# Firefox 1.0pr Web Browser



## Y-Guy (Jan 30, 2004)

The full 1.0pr version of the amazing, outstanding, superior, free (yes free) version of Mozilla's Firefox has been released. If you surf you got to give this program a try. I can honestly say since using it I run IE very little anymore and when I am forced to I feel awkward using it now. I won't go into all the virtues of Firefox, but I'll say give it a try, read up on it and decide for yourself. No more pop ups, you can block ads and it will import all your IE favorites for you.

*Firefox 1.0*


----------



## luv2rv (Jun 21, 2004)

Unfortunately, we run a MAC G4 at home... wife is a graphic artist and all. Under system requirements it doesn't show MAC as an option.

Wayne


----------



## Y-Guy (Jan 30, 2004)

Wayne it should be an option.

Download Page

*MacOS X*
Double click the Firefox Compressed Disk Image to mount. Your browser may have already uncompressed the image and mounted it for you. Double click the Firefox Disk Image and drag the Firefox application onto your hard disk. Drag the icon to your Dock if you want it to appear there.

Download Mac Compressed Disk Image


----------



## rennerbee (Jul 25, 2004)

We run Mozilla Firefox also and really love it! Especially the no pop ups. We have never been happy with IE and hubby will go on and on about the monopoly of Microsoft and how poor Windows is. One of his favorite moments was when the OS crashed during the Gates presentation! Even I had to laugh at that one! I do have to admit that we are running XP Pro right now though...


----------



## CamperDC (Oct 30, 2003)

WooHoo,

I have been using it ever since I saw you mention it here. It is great. I now use it all the time except at work where we have some apps that require IE.

Thnaks for the recommendation to use it and the update post.

You the man.

Hope you guys have fun this weekend. I am jealous that I cannot be there.


----------



## Y-Guy (Jan 30, 2004)

Glad to help out. If you want a Spell Checker for Firefox you'll want to check out SpellBound note that Firefox does the right thing and blocks any programs attempting to install which prevents being hacked, you'll need add the site vita Tools/options/web features.


----------



## NDJollyMon (Aug 22, 2003)

IE has new upgrade that stops popups, keeps out hackers, and seems to work better.

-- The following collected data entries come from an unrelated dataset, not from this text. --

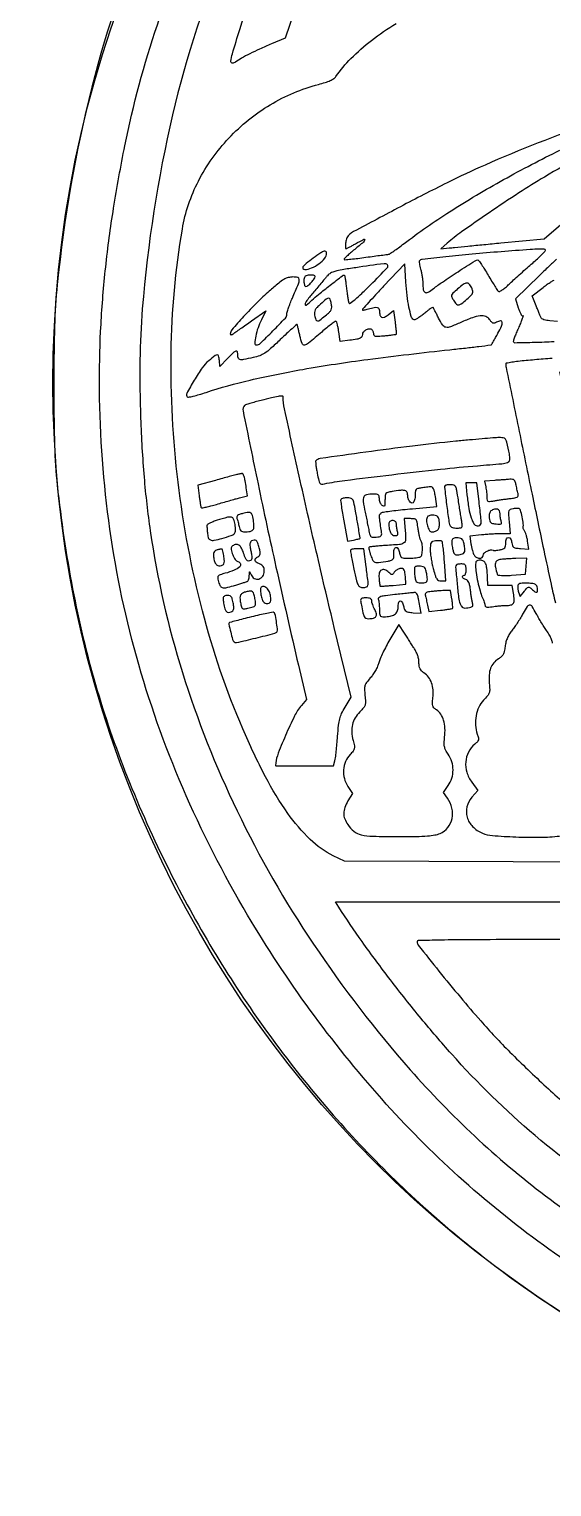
# Model space of a CAD drawing. Header units: millimetres. Extents: x 8 to 202, y 10 to 284.
# Drawn here: x 57.07 to 66.55, y 55.99 to 82.41 of the extents above; entities that cross this region are included whole.
import ezdxf

# ---------------------------------------------------------------- set-up
doc = ezdxf.new("R2010")
doc.units = ezdxf.units.MM
doc.layers.add('CUT', color=1, linetype='Continuous')
doc.layers.add('ENGRAVE', color=7, linetype='Continuous')

msp = doc.modelspace()

# ---------------------------------------------------------------- linework, layer by layer
at = {"layer": 'CUT'}
msp.add_circle((77.5, 76), 20, dxfattribs=at)
at = {"layer": 'ENGRAVE'}
for points in [[(22.924, 11.036, 0.000003), (45.118, 11.044, 0.000001), (67.428, 11.053, 0.198812)], [(59.316, 84.541, 0.04501), (58.205, 81.356, 0.036149), (57.579, 77.779, 0.018533), (57.53, 77.018, 0.006773), (57.516, 75.939, 0.006702), (57.53, 74.865, 0.020198), (57.579, 74.135, 0.019941), (57.858, 72.264, 0.023803), (58.273, 70.529, 0.024079), (58.847, 68.859, 0.02132), (59.599, 67.181, 0.038628), (61.313, 64.332, 0.040454), (63.421, 61.827, 0.041226), (65.864, 59.736, 0.043588), (68.573, 58.117, 0.020493)], [(85.376, 58.502, -0.053836), (81.64, 57.266, -0.052978), (77.67, 56.844, -0.049887), (73.616, 57.249, -0.05154), (69.795, 58.44, -0.055274), (66.395, 60.368, -0.054565), (63.463, 63.019, -0.048055), (61.031, 66.351, -0.031736), (59.854, 68.66, -0.034269), (59.014, 71.042, -0.034531), (58.512, 73.5, -0.033252), (58.344, 76.034, -0.01372), (58.372, 77.058, -0.013123), (58.457, 78.095, -0.012593), (58.6, 79.166, -0.010534), (58.805, 80.294, -0.062107), (60.25, 84.593, -0.064454)], [(61.876, 82.724), (61.709, 82.245), (61.461, 82.139, 0.006673), (61.249, 82.047, 0.01025), (61.069, 81.96, 0.011881), (60.922, 81.881, 0.024349), (60.811, 81.81, -0.174331), (60.75, 81.794, -0.43069), (60.724, 81.825, -0.040658), (60.754, 81.962, -0.002037), (60.889, 82.401, -0.046736), (61.789, 84.55, -0.038601)], [(60.703, 83.948, 0.047544), (59.669, 80.856, 0.036564), (59.121, 77.338, 0.017313), (59.078, 76.408, 0.011967), (59.09, 75.355, 0.011856), (59.153, 74.287, 0.015417), (59.265, 73.314, 0.03954), (59.849, 70.747, 0.036773), (60.841, 68.238, 0.035604), (62.225, 65.825, 0.032174), (63.981, 63.546, 0.049906), (66.431, 61.263, 0.04917), (69.295, 59.498, 0.048036)], [(68.909, 67.308), (65.848, 67.317), (62.787, 67.326), (62.584, 67.426, -0.07949), (62.165, 67.721, -0.044437), (61.759, 68.195, -0.035104), (61.355, 68.856, -0.018371), (60.942, 69.728, -0.038152), (60.21, 71.868, -0.03321), (59.771, 74.195, -0.033297), (59.644, 76.553, -0.03896), (59.847, 78.784, -0.077525), (60.139, 79.655, -0.069518), (60.691, 80.433, -0.068613), (61.442, 81.039, -0.071965), (62.318, 81.406, 0.01343), (62.44, 81.442, 0.030268), (62.53, 81.476, 0.040428), (62.594, 81.512, 0.096068), (62.633, 81.55, -0.048064), (62.905, 81.877, -0.030587), (63.278, 82.205, -0.028514), (63.723, 82.51, -0.026231)], [(67.273, 80.707, 0.019937), (65.336, 79.945, 0.011553), (64.649, 79.623, 0.005924), (63.803, 79.19, 0.001956), (62.952, 78.738, 0.128844), (62.832, 78.626, 0.093924), (62.815, 78.583, 0.028224), (62.805, 78.512, 0.02182), (62.803, 78.443, 0.411577), (62.816, 78.429, 0.118051), (62.825, 78.432, 0.001886), (62.873, 78.456, 0.004843), (62.927, 78.485, 0.003178), (62.989, 78.519, -0.007676), (63.138, 78.599, -0.619696), (63.155, 78.587, -0.177637), (63.132, 78.548, -0.004435), (62.972, 78.415, 0.007313), (62.894, 78.351, 0.012298), (62.831, 78.294, 0.00598), (62.781, 78.246, 0.41496), (62.781, 78.235, 0.222172), (62.795, 78.23, 0.002012), (62.904, 78.24, 0.006357), (63.03, 78.254, 0.004005), (63.177, 78.274, -0.000906), (63.326, 78.294, -0.001364), (63.455, 78.311, -0.000528), (63.566, 78.325, -0.031859), (63.586, 78.327, 0.148617), (63.604, 78.332, 0.003337), (63.68, 78.384, 0.007232), (63.768, 78.446, 0.004794), (63.867, 78.521, -0.02107), (64.694, 79.098, -0.014661), (65.672, 79.681, -0.014553), (66.694, 80.213, -0.019204)], [(67.077, 80.107, 0.009481), (66.414, 79.728, 0.009205), (65.95, 79.439, 0.005491), (65.409, 79.08, 0.004786), (64.91, 78.733, 0.025903), (64.651, 78.529), (64.532, 78.424), (64.686, 78.442, -0.003542), (64.784, 78.452, -0.000333), (65.025, 78.476, -0.000427), (65.312, 78.504, -0.000336), (65.624, 78.534), (66.408, 78.608), (66.753, 78.905, -0.020115)], [(66.634, 78.237, 0.003067), (66.489, 78.101, 0.001905), (66.321, 77.941), (65.887, 77.523), (65.938, 77.359, 0.019528), (65.96, 77.298, 0.034238), (65.983, 77.249, 0.040888), (66.005, 77.217, 0.377733), (66.02, 77.215, -0.677312), (66.026, 77.21, -0.01842), (66.012, 77.163, -0.015922), (65.987, 77.095, -0.007841), (65.95, 77.011, 0.006111), (65.911, 76.923, 0.008278), (65.879, 76.842, 0.005881), (65.853, 76.774, 0.086368), (65.849, 76.749, 0.419358), (65.874, 76.725, 0.002283), (66.237, 76.733, 0.004328), (66.587, 76.746, 0.124446)], [(66.653, 77.112), (66.511, 77.122, -0.025855), (66.455, 77.129, -0.034087), (66.405, 77.142, -0.036303), (66.367, 77.157, -0.184863), (66.352, 77.174, -0.000547), (66.342, 77.199, -0.000064), (66.319, 77.255, -0.000077), (66.292, 77.323, -0.000063), (66.264, 77.394), (66.192, 77.574), (66.388, 77.727, -0.01236), (66.464, 77.784, -0.020198), (66.532, 77.828, -0.015182), (66.587, 77.859, -0.347689)], [(66.554, 76.438, 0.010285), (66.391, 76.428, 0.001745), (66.08, 76.401, 0.007029), (65.939, 76.386, 0.011558), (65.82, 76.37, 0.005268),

I've been using it so long, I probably would never figure out something new. Sounds interesting though! Maybe I'll try it!


----------



## vdub (Jun 19, 2004)

I still run IE. There are just too many sites that are IE-centric and are only tested with IE. But I don't have pop ups either. I use Proximotrin. It's free and goes a lot further than just eliminating pop ups. It also eliminates banner ads embedded in the web site. It would also work with FoxFire, tho. The guy that wrote Prox quit work on it a couple years ago, but that's ok. It is perfect as is and is totally customizable since he left the rules separate from the application. You can get it here http://www.proxomitron.info/files/ You want the N45J version. It's a pretty cool application.


----------



## hatcityhosehauler (Feb 13, 2004)

I too have been using first Mozilla, then when I got the laptop, I moved up to Firefox. Now I guess I'm going to have to upgrade that. Just got the home network up and running tonight. It sure is nice being able to sit anywhere in the house and surf Outbackers.
















Tim


----------